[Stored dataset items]

····················

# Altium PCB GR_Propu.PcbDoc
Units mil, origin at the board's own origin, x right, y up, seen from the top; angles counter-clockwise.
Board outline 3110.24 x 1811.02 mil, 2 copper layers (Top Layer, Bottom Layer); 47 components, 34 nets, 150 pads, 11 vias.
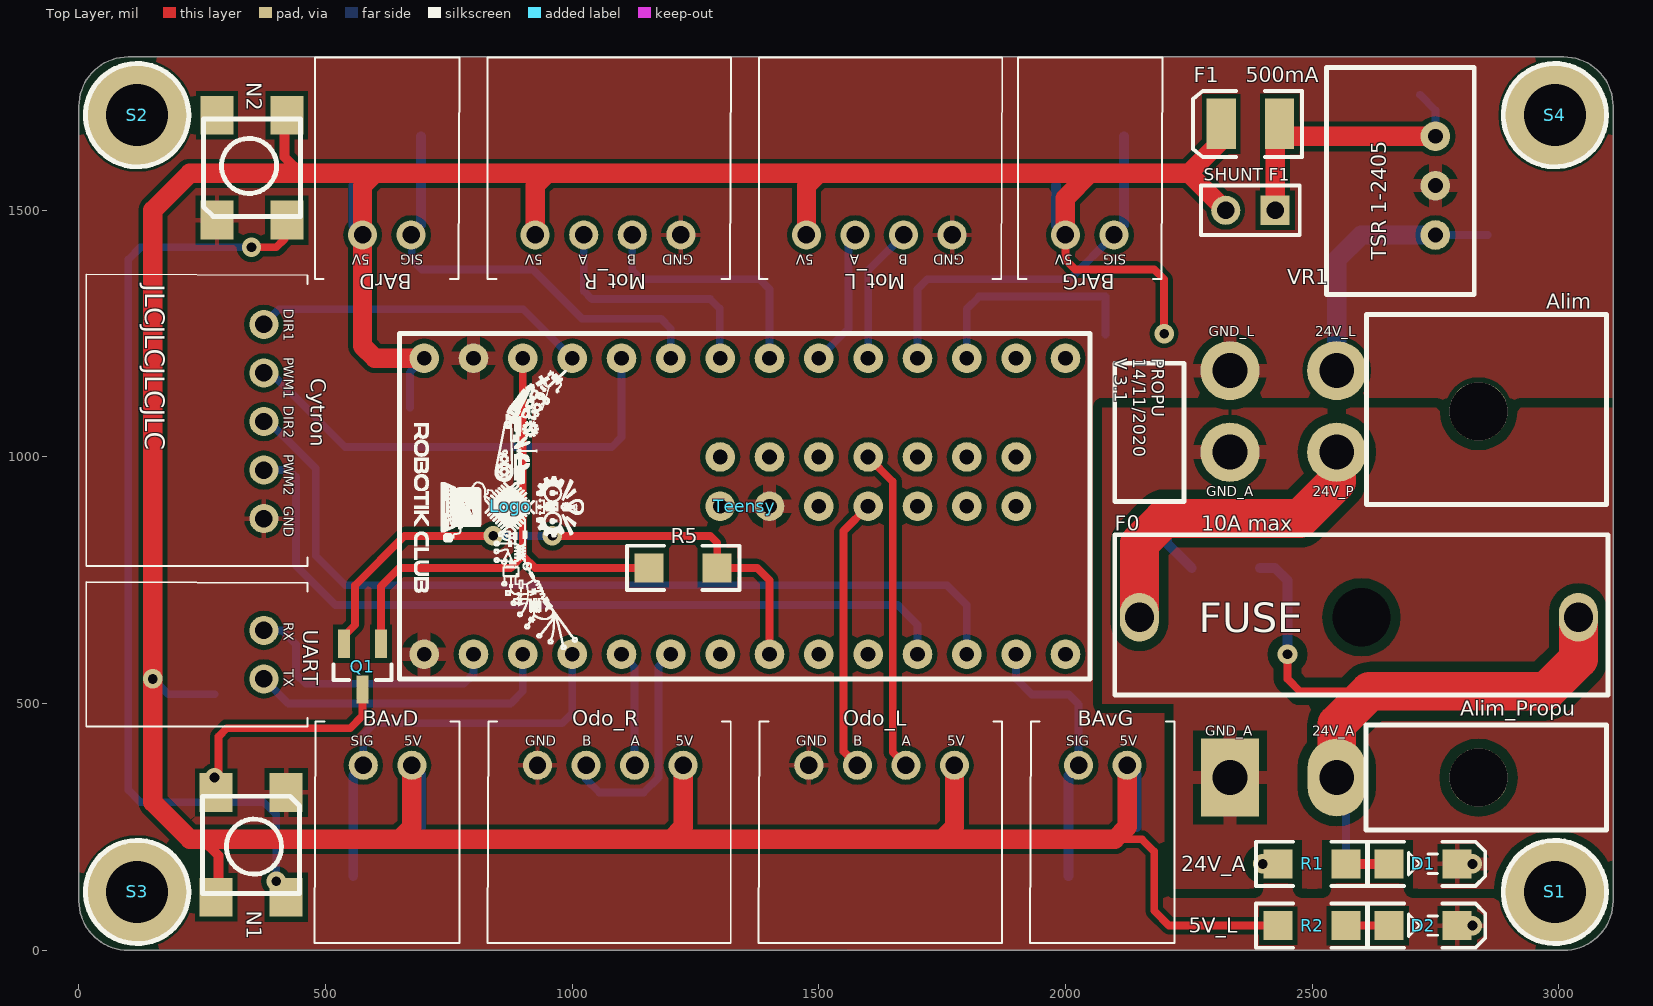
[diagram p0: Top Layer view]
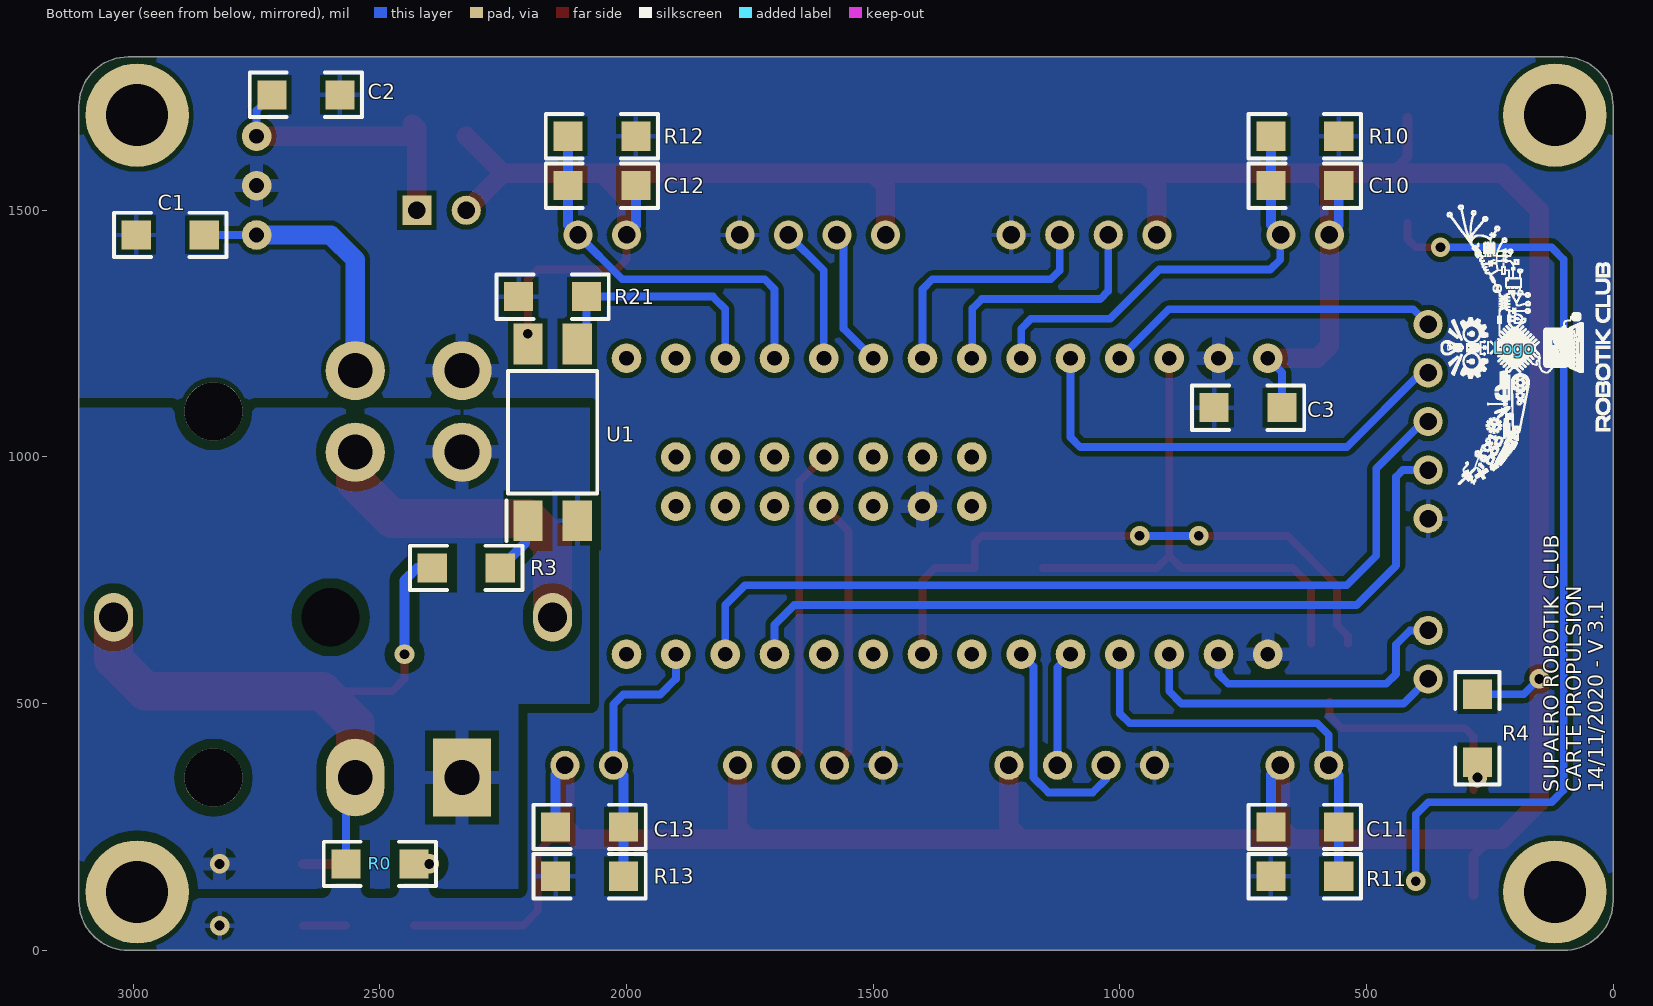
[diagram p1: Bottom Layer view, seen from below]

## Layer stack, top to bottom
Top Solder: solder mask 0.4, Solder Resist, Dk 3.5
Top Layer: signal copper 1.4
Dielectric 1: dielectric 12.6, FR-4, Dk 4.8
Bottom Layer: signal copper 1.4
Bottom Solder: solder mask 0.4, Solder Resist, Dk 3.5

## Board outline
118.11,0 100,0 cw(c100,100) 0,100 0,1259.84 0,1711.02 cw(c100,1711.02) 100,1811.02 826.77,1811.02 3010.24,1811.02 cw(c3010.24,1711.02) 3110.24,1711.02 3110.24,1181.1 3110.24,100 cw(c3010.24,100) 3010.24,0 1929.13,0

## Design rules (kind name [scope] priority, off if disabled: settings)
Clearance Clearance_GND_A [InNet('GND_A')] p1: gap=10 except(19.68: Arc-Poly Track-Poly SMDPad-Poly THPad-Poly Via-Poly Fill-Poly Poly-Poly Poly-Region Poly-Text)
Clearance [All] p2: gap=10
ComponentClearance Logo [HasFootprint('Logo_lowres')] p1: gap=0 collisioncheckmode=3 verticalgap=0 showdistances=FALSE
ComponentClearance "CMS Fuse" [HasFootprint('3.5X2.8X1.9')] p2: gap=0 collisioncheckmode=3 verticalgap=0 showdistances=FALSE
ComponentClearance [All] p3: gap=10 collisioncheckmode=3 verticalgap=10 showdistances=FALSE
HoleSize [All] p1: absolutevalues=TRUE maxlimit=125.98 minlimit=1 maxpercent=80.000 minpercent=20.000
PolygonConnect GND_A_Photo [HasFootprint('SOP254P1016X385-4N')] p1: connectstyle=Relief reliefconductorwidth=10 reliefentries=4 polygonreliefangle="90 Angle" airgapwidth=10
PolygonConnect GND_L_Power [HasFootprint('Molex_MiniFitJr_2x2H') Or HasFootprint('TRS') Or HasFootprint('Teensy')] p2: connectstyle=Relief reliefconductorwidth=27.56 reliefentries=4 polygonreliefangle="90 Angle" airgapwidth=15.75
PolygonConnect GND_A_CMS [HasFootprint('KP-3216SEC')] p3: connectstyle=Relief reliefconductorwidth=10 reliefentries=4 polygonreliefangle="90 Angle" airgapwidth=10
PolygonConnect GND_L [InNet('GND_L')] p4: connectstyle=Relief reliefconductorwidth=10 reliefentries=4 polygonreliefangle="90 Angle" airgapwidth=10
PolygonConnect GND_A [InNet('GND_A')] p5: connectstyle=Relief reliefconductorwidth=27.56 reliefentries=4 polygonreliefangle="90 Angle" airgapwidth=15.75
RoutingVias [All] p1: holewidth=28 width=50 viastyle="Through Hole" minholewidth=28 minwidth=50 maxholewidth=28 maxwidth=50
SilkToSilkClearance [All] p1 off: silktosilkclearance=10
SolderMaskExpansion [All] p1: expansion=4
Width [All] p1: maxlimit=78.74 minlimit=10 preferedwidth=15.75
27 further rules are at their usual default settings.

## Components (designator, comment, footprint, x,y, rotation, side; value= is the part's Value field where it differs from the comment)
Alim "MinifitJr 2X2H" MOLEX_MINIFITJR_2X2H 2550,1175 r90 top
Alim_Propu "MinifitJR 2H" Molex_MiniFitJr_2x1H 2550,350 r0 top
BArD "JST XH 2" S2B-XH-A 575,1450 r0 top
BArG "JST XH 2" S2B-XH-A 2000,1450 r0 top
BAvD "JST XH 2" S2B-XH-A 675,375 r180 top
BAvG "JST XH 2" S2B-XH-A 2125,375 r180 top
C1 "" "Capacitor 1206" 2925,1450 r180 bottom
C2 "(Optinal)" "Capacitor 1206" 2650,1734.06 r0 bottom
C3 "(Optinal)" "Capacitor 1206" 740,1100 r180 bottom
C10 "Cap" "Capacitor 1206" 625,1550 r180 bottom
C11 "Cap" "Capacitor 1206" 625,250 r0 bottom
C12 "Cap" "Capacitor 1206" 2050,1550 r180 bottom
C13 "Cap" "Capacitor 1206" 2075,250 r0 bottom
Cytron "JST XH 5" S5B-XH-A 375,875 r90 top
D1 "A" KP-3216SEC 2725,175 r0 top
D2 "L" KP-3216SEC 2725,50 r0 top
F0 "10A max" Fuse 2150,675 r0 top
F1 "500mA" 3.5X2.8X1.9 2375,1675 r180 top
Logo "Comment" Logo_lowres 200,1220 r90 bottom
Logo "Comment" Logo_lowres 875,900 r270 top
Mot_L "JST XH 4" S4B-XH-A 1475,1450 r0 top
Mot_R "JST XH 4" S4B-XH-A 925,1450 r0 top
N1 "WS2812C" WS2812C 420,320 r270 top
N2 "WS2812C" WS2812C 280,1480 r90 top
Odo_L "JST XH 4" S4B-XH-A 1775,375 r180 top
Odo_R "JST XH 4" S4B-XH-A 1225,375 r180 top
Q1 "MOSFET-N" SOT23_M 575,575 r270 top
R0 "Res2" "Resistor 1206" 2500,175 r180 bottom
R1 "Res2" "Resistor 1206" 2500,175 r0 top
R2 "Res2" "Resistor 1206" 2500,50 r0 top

····················

YOUR INSTRUCTIONS
Only the line with "PolygonConnect GND_L [InNet('GND_L')]" and those preceding it, back to the first line of the entries, should be repeated exactly, without pictures.

EXERCISE OUTPUT
# Altium PCB GR_Propu.PcbDoc
Units mil, origin at the board's own origin, x right, y up, seen from the top; angles counter-clockwise.
Board outline 3110.24 x 1811.02 mil, 2 copper layers (Top Layer, Bottom Layer); 47 components, 34 nets, 150 pads, 11 vias.
[diagram p0: Top Layer view]
[diagram p1: Bottom Layer view, seen from below]

## Layer stack, top to bottom
Top Solder: solder mask 0.4, Solder Resist, Dk 3.5
Top Layer: signal copper 1.4
Dielectric 1: dielectric 12.6, FR-4, Dk 4.8
Bottom Layer: signal copper 1.4
Bottom Solder: solder mask 0.4, Solder Resist, Dk 3.5

## Board outline
118.11,0 100,0 cw(c100,100) 0,100 0,1259.84 0,1711.02 cw(c100,1711.02) 100,1811.02 826.77,1811.02 3010.24,1811.02 cw(c3010.24,1711.02) 3110.24,1711.02 3110.24,1181.1 3110.24,100 cw(c3010.24,100) 3010.24,0 1929.13,0

## Design rules (kind name [scope] priority, off if disabled: settings)
Clearance Clearance_GND_A [InNet('GND_A')] p1: gap=10 except(19.68: Arc-Poly Track-Poly SMDPad-Poly THPad-Poly Via-Poly Fill-Poly Poly-Poly Poly-Region Poly-Text)
Clearance [All] p2: gap=10
ComponentClearance Logo [HasFootprint('Logo_lowres')] p1: gap=0 collisioncheckmode=3 verticalgap=0 showdistances=FALSE
ComponentClearance "CMS Fuse" [HasFootprint('3.5X2.8X1.9')] p2: gap=0 collisioncheckmode=3 verticalgap=0 showdistances=FALSE
ComponentClearance [All] p3: gap=10 collisioncheckmode=3 verticalgap=10 showdistances=FALSE
HoleSize [All] p1: absolutevalues=TRUE maxlimit=125.98 minlimit=1 maxpercent=80.000 minpercent=20.000
PolygonConnect GND_A_Photo [HasFootprint('SOP254P1016X385-4N')] p1: connectstyle=Relief reliefconductorwidth=10 reliefentries=4 polygonreliefangle="90 Angle" airgapwidth=10
PolygonConnect GND_L_Power [HasFootprint('Molex_MiniFitJr_2x2H') Or HasFootprint('TRS') Or HasFootprint('Teensy')] p2: connectstyle=Relief reliefconductorwidth=27.56 reliefentries=4 polygonreliefangle="90 Angle" airgapwidth=15.75
PolygonConnect GND_A_CMS [HasFootprint('KP-3216SEC')] p3: connectstyle=Relief reliefconductorwidth=10 reliefentries=4 polygonreliefangle="90 Angle" airgapwidth=10
PolygonConnect GND_L [InNet('GND_L')] p4: connectstyle=Relief reliefconductorwidth=10 reliefentries=4 polygonreliefangle="90 Angle" airgapwidth=10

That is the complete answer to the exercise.